AI rivals radiologists in finding brain hemorrhages

Artificial intelligence can be as effective as radiologists—or more so—in detecting acute intercranial hemorrhages (ICH) on head CT scans, according to a study published online October 21 in the Proceedings of the National Academy of Sciences.

Researchers from the University of California, San Francisco (UCSF) and the University of California, Berkeley (UC Berkeley) drew this conclusion by developing and testing a single-stage, fully convolutional, end-to-end neural network model called PatchFCN. The deep learning model was trained on 4,396 CT studies in which individual small abnormalities were manually delineated at the pixel level.


The researchers opted against training the algorithm on either a single image or stack of images. Rather, they utilized patches of images that had been contextualized with those that directly preceded and followed them in the stack of images being examined. This approach, they wrote, enabled PatchFCN to learn from the relevant information in the imaging data without reaching conclusions based on insignificant variations within that data.

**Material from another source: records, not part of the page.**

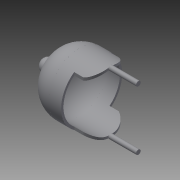
# Autodesk Inventor part: DMJ_hat
Saved by Autodesk Inventor 2015 SP1 (Build 190203100, 203)
## iProperties
Created: 2016-02-03
Part Number: DMJ_hat
Material: Generic
Document SubType Name: Modeling
Designer: guillemd
Density: 1 g/cm^3
Appearance: Default
Author: guillemd
Autodesk Inventor part; units mm, degrees
ref_plane "YZ Plane" through (0, 0, 0) normal (1, 0, 0) x (0, 1, 0)
ref_plane "XZ Plane" through (0, 0, 0) normal (0, 1, 0) x (-1, 0, 0)
ref_plane "XY Plane" through (0, 0, 0) normal (0, 0, 1) x (1, 0, 0)
sketch "Sketch1" plane through (0, 0, 0) normal (0, 1, 0) x (-1, 0, 0)
  line L0 (0, 0) -> (0, 12.7)
  arc A0 (0, 12.7) -> (-64.77, 77.47) centre (-64.77, 12.7) ccw
  line L1 (0, 0) -> (38.1, 0)
  line L2 (-64.77, 77.47) -> (-152.4, 77.47)
  line L3 (-152.4, 77.47) -> (-152.4, 83.82)
  line L4 (-152.4, 83.82) -> (-64.77, 83.82)
  arc A1 (6.35, 12.7) -> (-64.77, 83.82) centre (-64.77, 12.7) ccw
  arc A2 (38.1, 0) -> (6.35, 12.7) centre (19.685, 0) ccw
  line L5 (81.359, 0) -> (-191.3598, 0) projected
  dimension "d0" = 12.7
  dimension "d4" = 152.4
  dimension "d5" = 77.47
  dimension "d6" = 6.35
  dimension "d7" = 12.7
  dimension "d9" = 38.1
  constraints: 10 end point, 6 point on circle, 3 centre point, 2 coincident, 2 horizontal, 2 tangent, 2 vertical, 1 line through centre, 1 parallel, 1 perpendicular
  measures "d0" distance of L0.start L0.end
  measures "d4" horizontal distance of L2.end L0.start
  measures "d5" vertical distance of L0.start L2.end
  measures "d6" distance of L2.end L3.end
  measures "d7" vertical distance of point (0, 0) A1.start
  measures "d9" distance of point (0, 0) L1.end
revolve "Revolution1" add sketch "Sketch1" angle 360 about axis through (-10, 0, 0) along (1, 0, 0)
sketch "Sketch3" plane through (0, 0, 0) normal (0, 1, 0) x (-1, 0, 0)
  line L0 (-99.1769, -83.82) -> (-99.1769, -49.0516)
  line L1 (-99.1769, 83.82) -> (-99.1769, 47.9401)
  line L2 (-152.4, -83.82) -> (-152.4, 83.82)
  line L3 (-99.1769, -49.0516) -> (-124.5769, -49.0516)
  line L4 (-99.1769, 47.9401) -> (-124.5769, 47.9401)
  line L5 (-152.4, -83.82) -> (-64.77, -83.82) projected
  line L6 (-152.4, 83.82) -> (-64.77, 83.82) projected
  line L7 (-99.1769, -83.82) -> (-152.4, -83.82)
  line L8 (-152.4, 83.82) -> (-99.1769, 83.82)
  line L9 (-152.4, -83.82) -> (-152.4, 83.82)
  line L10 (-151.13, -9.525) -> (-151.13, 9.525)
  line L11 (76.2, 0) -> (-190.5, 0) projected
  arc A0 (-151.13, -9.525) -> (-124.5769, -49.0516) centre (-108.4341, -9.525) ccw
  arc A1 (-124.5769, 47.9401) -> (-151.13, 9.525) centre (-110.0654, 9.525) ccw
  point P0 (0, 0)
  point P1 (-152.4, 0)
  point P2 (-151.13, 0)
  dimension "d14" = 25.4
  dimension "d15" = 25.4
  dimension "d18" = 34.7684
  dimension "d22" = 53.2231
  dimension "d23" = 35.8799
  dimension "d26" = 19.05
  dimension "d27" = 1.27
  constraints: 18 end point, 4 point on circle, 3 collinear, 3 point on line, 3 vertical, 2 centre point, 2 horizontal, 2 midpoint, 2 tangent, 1 parallel
  measures "d14" distance of L0.end L3.end
  measures "d15" distance of L1.end L4.end
  measures "d18" distance of L0.start L0.end
  measures "d22" distance of L2.start L0.start
  measures "d23" distance of L1.start L1.end
  measures "d26" distance of L10.start L10.end
  measures "d27" distance between parallel lines of L2 L10
extrude "Extrusion1" cut sketch "Sketch3" along normal through all both and the other way through all
sketch "Sketch4" plane through (151.13, -83.277, -9.525) normal (1, 0, 0) x (0, 0, -1)
  arc A0 (-19.05, 6.3948) -> (0, 6.3948) centre (-9.525, 83.277) ccw projected
  arc A1 (-19.05, 0) -> (0, 0) centre (-9.525, 83.277) ccw projected
  circle A2 centre (-9.525, 1.994) radius 6.35
  arc A3 (0, 160.1593) -> (-19.05, 160.1593) centre (-9.525, 83.277) ccw projected
  arc A4 (0, 166.5541) -> (-19.05, 166.5541) centre (-9.525, 83.277) ccw projected
  circle A5 centre (-9.525, 164.557) radius 6.35
  point P0 (-9.525, 160.747)
  dimension "d28" = 12.7
  dimension "d30" = 81.2831
  dimension "d31" = 12.7
  dimension "d32" = 81.28
  constraints: 2 centre point, 2 vertical alignment, 1 point on circle
  measures "d28" diameter of A2
  measures "d30" distance of point (-9.525, 83.277) A2.centre
  measures "d31" diameter of A5
  measures "d32" distance of A5.centre point (-9.525, 83.277)
extrude "Extrusion2" add sketch "Sketch4" along normal blind 76.2
body "Solid1"
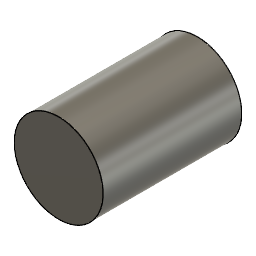
Pin (Autodesk Fusion 360 design; units mm, degrees)
part number: 2026-09-01-20-19-31-171
Autodesk Fusion 360 part; units mm, degrees
sketch "Sketch1" plane through (0, 0, 0) normal (0, 0, 1) x (1, 0, 0)
  circle A0 centre (0, 0) radius 6.25
sketch "Sketch2" plane through (0, 0, 0) normal (0, 0, 1) x (1, 0, 0)
  circle A0 centre (0, 0) radius 6.7276
extrude "Extrude2" add sketch "Sketch2" along normal blind 21
named bodies: "Pin_A500"
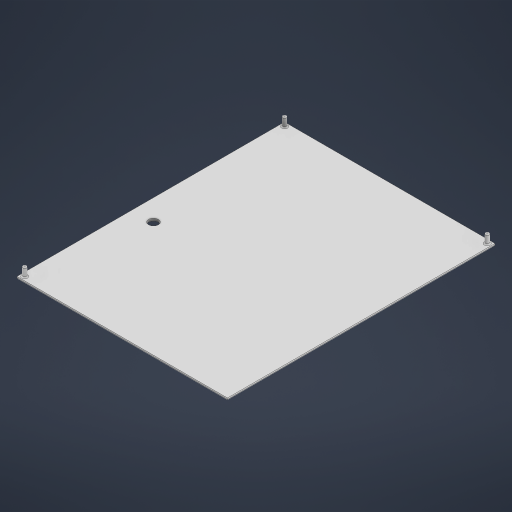
# Autodesk Inventor part: enclosure_lid
Saved by Autodesk Inventor 2023 (Build 270158000, 158)
## iProperties
Created: 2022-04-29
Part Number: enclosure_lid
Material: Generic
Document SubType Name: Modeling
Designer: Haroon Nawaz
Density: 1 g/cm^3
Appearance: Default
Author: Haroon Nawaz
Autodesk Inventor part; units mm, degrees
ref_plane "YZ Plane" through (0, 0, 0) normal (1, 0, 0) x (0, 1, 0)
ref_plane "XZ Plane" through (0, 0, 0) normal (0, 1, 0) x (-1, 0, 0)
ref_plane "XY Plane" through (0, 0, 0) normal (0, 0, 1) x (1, 0, 0)
sketch "Sketch1" plane through (0, 0, 0) normal (0, 1, 0) x (-1, 0, 0)
  line L0 (0, 0) -> (43.2562, 0)
  line L1 (43.2562, 0) -> (43.2562, -54.991)
  line L2 (43.2562, -54.991) -> (0, -54.991)
  line L3 (0, -54.991) -> (0, 0)
  dimension "d0" = 43.2562
  dimension "d1" = 54.991
  constraints: 8 end point, 2 parallel, 1 horizontal, 1 perpendicular
  measures "d0" distance of L1.end L2.end
  measures "d1" distance of L0.end L1.end
extrude "Extrusion1" add sketch "Sketch1" along normal blind 0.5
sketch "Sketch2" plane through (0, 0.5, 0) normal (0, 1, 0) x (1, 0, 0)
  circle A0 centre (-42.4688, 0.7874) radius 0.381
  circle A1 centre (-42.4688, 54.2036) radius 0.381
  circle A2 centre (-0.7874, 54.2036) radius 0.381
  circle A3 centre (-0.7874, 0.7874) radius 0.381
  point P0 (0, 0)
  dimension "d4" = 0.762
  dimension "d5" = 0.762
  dimension "d6" = 0.762
  dimension "d10" = 0.762
  constraints: 4 centre point, 4 coincident
  measures "d4" diameter of A0
  measures "d5" diameter of A1
  measures "d6" diameter of A2
  measures "d10" diameter of A3
extrude "Extrusion2" add sketch "Sketch2" along normal blind 1.905 contours A0 | A1 | A2
fillet "Fillet1" radius 0.2286 10 edges at (-42.8498, 2.405, -0.7874) (-42.8498, 2.405, -54.2036) (-1.1684, 2.405, -54.2036) (-1.1684, 0.5, -54.2036) (-42.8498, 0.5, -54.2036) (-42.8498, 0.5, -0.7874) (-21.6281, 0, 0) (0, 0, -27.4955) (-21.6281, 0, -54.991) (-43.2562, 0, -27.4955)
sketch "Sketch3" plane through (0, 0.5, 0) normal (0, 1, 0) x (1, 0, 0)
  line L0 (0, 54.991) -> (-43.2562, 54.991) projected
  line L1 (0, 54.991) -> (0, 25.019)
  line L2 (0, 54.991) -> (0, 0) projected
  line L3 (0, 25.019) -> (-2.8956, 25.019)
  line L4 (-43.2562, 25.019) -> (-40.3606, 25.019)
  line L5 (-40.3606, 25.019) -> (-39.3606, 25.019)
  point P0 (-38.9037, 23.6963)
  dimension "d11" = 29.972
  dimension "d12" = 2.8956
  dimension "d20" = 2.8956
  dimension "d21" = 1
  constraints: 8 end point, 3 point on line, 2 coincident, 1 horizontal, 1 perpendicular
  measures "d11" distance of L0.start L1.end
  measures "d12" distance of L1.end L3.end
  measures "d20" distance of L4.start L4.end
  measures "d21" distance of L4.end L5.end
hole "Hole1" at (-38.9037, 0.5, -23.6963) direction (0, -1, 0) diameter 2 end through all
body "Solid1"
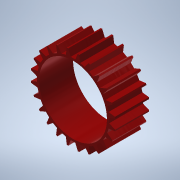
# Autodesk Inventor part: NASA-20-TRD-01
Saved by Autodesk Inventor 2020 (Build 240168000, 168)
## iProperties
Created: 2019-09-21
Part Number: NASA-20-TRD-01
Material: PET Plastic
Document SubType Name: Modeling
Designer: Rick Szalay
Density: 1.541 g/cm^3
Appearance: Red
Author: Rick Szalay
Autodesk Inventor part; units mm, degrees
ref_plane "YZ Plane" through (0, 0, 0) normal (1, 0, 0) x (0, 1, 0)
ref_plane "XZ Plane" through (0, 0, 0) normal (0, 1, 0) x (-1, 0, 0)
ref_plane "XY Plane" through (0, 0, 0) normal (0, 0, 1) x (1, 0, 0)
sketch "Sketch1" plane through (0, 0, 0) normal (0, 0, 1) x (1, 0, 0)
  circle A0 centre (0, 0) radius 101.6
  circle A1 centre (0, 0) radius 127
  dimension "d0" = 203.2
  dimension "d1" = 25.4
  constraints: 2 centre point, 1 coincident
  measures "d0" diameter of A0
  measures "d1" radial gap between concentric circles of A0 A1
extrude "Extrusion1" add sketch "Sketch1" along normal mid plane 101.6
sketch "Sketch2" plane through (0, 0, 50.8) normal (0, 0, 1) x (1, 0, 0)
  circle A0 centre (0, 0) radius 127 projected
  line L0 (-14.3768, 126.1836) -> (-6.8242, 107.95)
  line L1 (-6.8242, 107.95) -> (6.8242, 107.95)
  line L2 (6.8242, 107.95) -> (14.3768, 126.1836)
  line L3 (0, 107.95) -> (0, 128.4311) construction
  line L4 (-14.3768, 126.1836) -> (0, 0) construction
  line L5 (0, 0) -> (14.3768, 126.1836) construction
  arc A1 (14.3768, 126.1836) -> (-14.3768, 126.1836) centre (0, 0) ccw
  dimension "d4" = 19.05
  dimension "d5" = 45
  dimension "d6" = 13
  constraints: 12 end point, 4 point on circle, 1 centre point, 1 concentric, 1 horizontal, 1 midpoint, 1 vertical, 1 vertical alignment, 1 other
  measures "d4" distance edge to line of A0 L1
  measures "d5" angle of L0 L2
  measures "d6" angle of L4 L5
extrude "Extrusion2" cut sketch "Sketch2" against normal through all contours L2 L1 L0 A0 picked at (1.6005, 114.2697)
pattern_circular "Circular Pattern1" count 24 over 360 about axis through (0, 0, 0) along (0, 0, 1) of "Extrusion2"
body "Solid1"
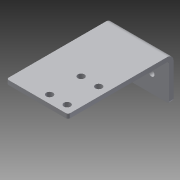
# Autodesk Inventor part: Pneumatic Piston Back Flange (Right Custom)
Saved by Autodesk Inventor 2014 (Build 180170000, 170)
## iProperties
Created: 2014-01-13
Part Number: Pneumatic Piston Back Flange (Right Custom)
Material: Generic
Document SubType Name: Sheet Metal
Designer: motoennies
Density: 1 g/cm^3
Sheet Metal Rule: Default
Appearance: Default
Author: motoennies
Autodesk Inventor part; units mm, degrees
ref_plane "YZ Plane" through (0, 0, 0) normal (1, 0, 0) x (0, 1, 0)
ref_plane "XZ Plane" through (0, 0, 0) normal (0, 1, 0) x (-1, 0, 0)
ref_plane "XY Plane" through (0, 0, 0) normal (0, 0, 1) x (1, 0, 0)
sketch "Sketch1" plane through (0, 0, 0) normal (0, 0, 1) x (1, 0, 0)
  line L0 (0, 0) -> (44.45, 0)
  line L1 (44.45, 0) -> (44.45, 25.4)
  line L2 (44.45, 25.4) -> (0, 25.4)
  line L3 (0, 25.4) -> (0, 0)
  circle A0 centre (6.35, 12.7) radius 2.0701
  line L4 (0, 12.7) -> (44.45, 12.7) construction
  circle A1 centre (31.75, 12.7) radius 2.0701
  dimension "d0" = 44.45
  dimension "d1" = 25.4
  dimension "d2" = 4.1402
  dimension "d6" = 25.4
  dimension "d34" = 6.35
  measures "d0" distance of L2.end L1.end
  measures "d1" distance of L1.end L0.end
  measures "d2" diameter of A0
  measures "d6" distance of A0.centre A1.centre
  measures "d34" distance from line of L3 A0.centre
extrude "Plate1" add sketch "Sketch1" along normal blind 3.175
sketch "Sketch2" plane through (0, 26.67, 4.445) normal (0, 1, 0) x (-1, 0, 0)
  line L0 (-44.45, 0) -> (0, 0)
  line L1 (0, 0) -> (0, 71.755)
  line L2 (0, 71.755) -> (-44.45, 71.755)
  line L3 (-44.45, 71.755) -> (-44.45, 0)
  constraints: 6 end point, 1 horizontal, 1 perpendicular, 1 vertical
edge flange "Flange1" height 76.2 angle 90 thickness 3.175 bend radius 1.27 thickness toward (0, 1, 0) relief straight relief width 3.175 relief depth 1.5875 edges at (22.225, 25.4, 3.175) wall of the first edge with corners at (44.45, 26.67, 4.445) (0, 26.67, 4.445) (0, 26.67, 76.2) (44.45, 26.67, 76.2)
bend "Bend1"
corner "Corner1"
fillet "Fillet1" radius 1.5875 4 edges at (44.45, 0, 1.5875) (0, 0, 1.5875) (0, 28.2575, 76.2) (44.45, 28.2575, 76.2)
sketch "Sketch3" plane through (0, 26.67, 4.445) normal (0, -1, 0) x (1, 0, 0)
  line L0 (22.225, 71.755) -> (41.275, 71.755) construction
  line L1 (41.275, 71.755) -> (41.275, 37.465) construction
  line L2 (41.275, 37.465) -> (22.225, 37.465) construction
  line L3 (22.225, 37.465) -> (22.225, 71.755) construction
  circle A0 centre (38.1, 66.0019) radius 2.413
  line L4 (31.75, 71.755) -> (31.75, 37.465) construction
  line L5 (22.225, 54.61) -> (41.275, 54.61) construction
  circle A1 centre (25.4, 66.0019) radius 2.413
  circle A2 centre (38.1, 43.2181) radius 2.413
  circle A3 centre (25.4, 43.2181) radius 2.413
  line L6 (42.8625, 71.755) -> (1.5875, 71.755) projected
  line L7 (0, 70.1675) -> (0, 0) projected
  point P0 (0, -4.445)
  dimension "d23" = 34.29
  dimension "d24" = 19.05
  dimension "d27" = 4.826
  dimension "d28" = 3.175
  dimension "d29" = 5.7531
  dimension "d35" = 22.225
  constraints: 12 end point, 4 centre point, 4 midpoint, 3 symmetric about line, 2 parallel, 1 collinear, 1 horizontal, 1 perpendicular, 3 other
  measures "d23" distance of L2.end L0.start
  measures "d24" distance of L0.start L0.end
  measures "d27" diameter of A0
  measures "d28" distance from line of L1 A0.centre
  measures "d29" distance from line of A0.centre L0
  measures "d35" distance between parallel lines of L7 L3
extrude "Extrusion1" cut sketch "Sketch3" against normal blind 25.4
equation "\"d12\" = BendReliefWidth"
equation "\"d13\" = BendReliefDepth"
equation "\"d14\" = MinimumRemnant"
equation "\"d15\" = BendRadius"
equation "\"d19\" = CornerReliefSize"
equation "\"d20\" = GapSize"
equation "\"d21\" = JacobiRadiusSize"
equation "\"BendRadius\" = Thickness"
equation "\"BendReliefWidth\" = Thickness"
equation "\"BendReliefDepth\" = 0.5 * Thickness"
equation "\"CornerReliefSize\" = 4 * Thickness"
equation "\"MinimumRemnant\" = 2 * Thickness"
equation "\"TransitionRadius\" = BendRadius"
equation "\"JacobiRadiusSize\" = BendRadius"
equation "\"GapSize\" = Thickness"
equation "\"d11\" = BendRadius"
equation "\"Thickness\" = 3.175"
body "Solid1"

PatchFCN’s performance was compared with the performance of four expert radiologists on a separate test set of 25 positive and 175 negative head CT exams. In addition to an area under the curve (AUC) of 0.991 ± 0.006, the algorithm identified some small abnormalities not pinpointed by the radiologists.

"Algorithm performance exceeded that of 2 of 4 American Board of Radiology (ABR)-certified radiologists with attending-level experience ranging from 4 to 16 (years)," wrote study author Esther Yuh, PhD, of UCSF and colleagues. "In addition, PatchFCN achieved 100% sensitivity at specificity levels approaching 90%, making this a suitable screening tool for radiologists based on an acceptably low proportion of false positives."

Yuh et al also noted that the five cases deemed negative by at least two of the four radiologists, but positive by the algorithm and the gold standard alike, contained very tiny ICHs that are more likely to be stable than to result in significant morbidity and mortality. However, they observed, “expansion of hemorrhage on any individual case is variable and unpredictable, and it is important to operate at high sensitivities since many patients are taking aspirin or other antiplatelet agents or anticoagulants or may be administered fibrinolytics in the setting of acute stroke.”

PatchFCN is now being applied at UCSF in a study of CT scans from trauma centers across the U.S.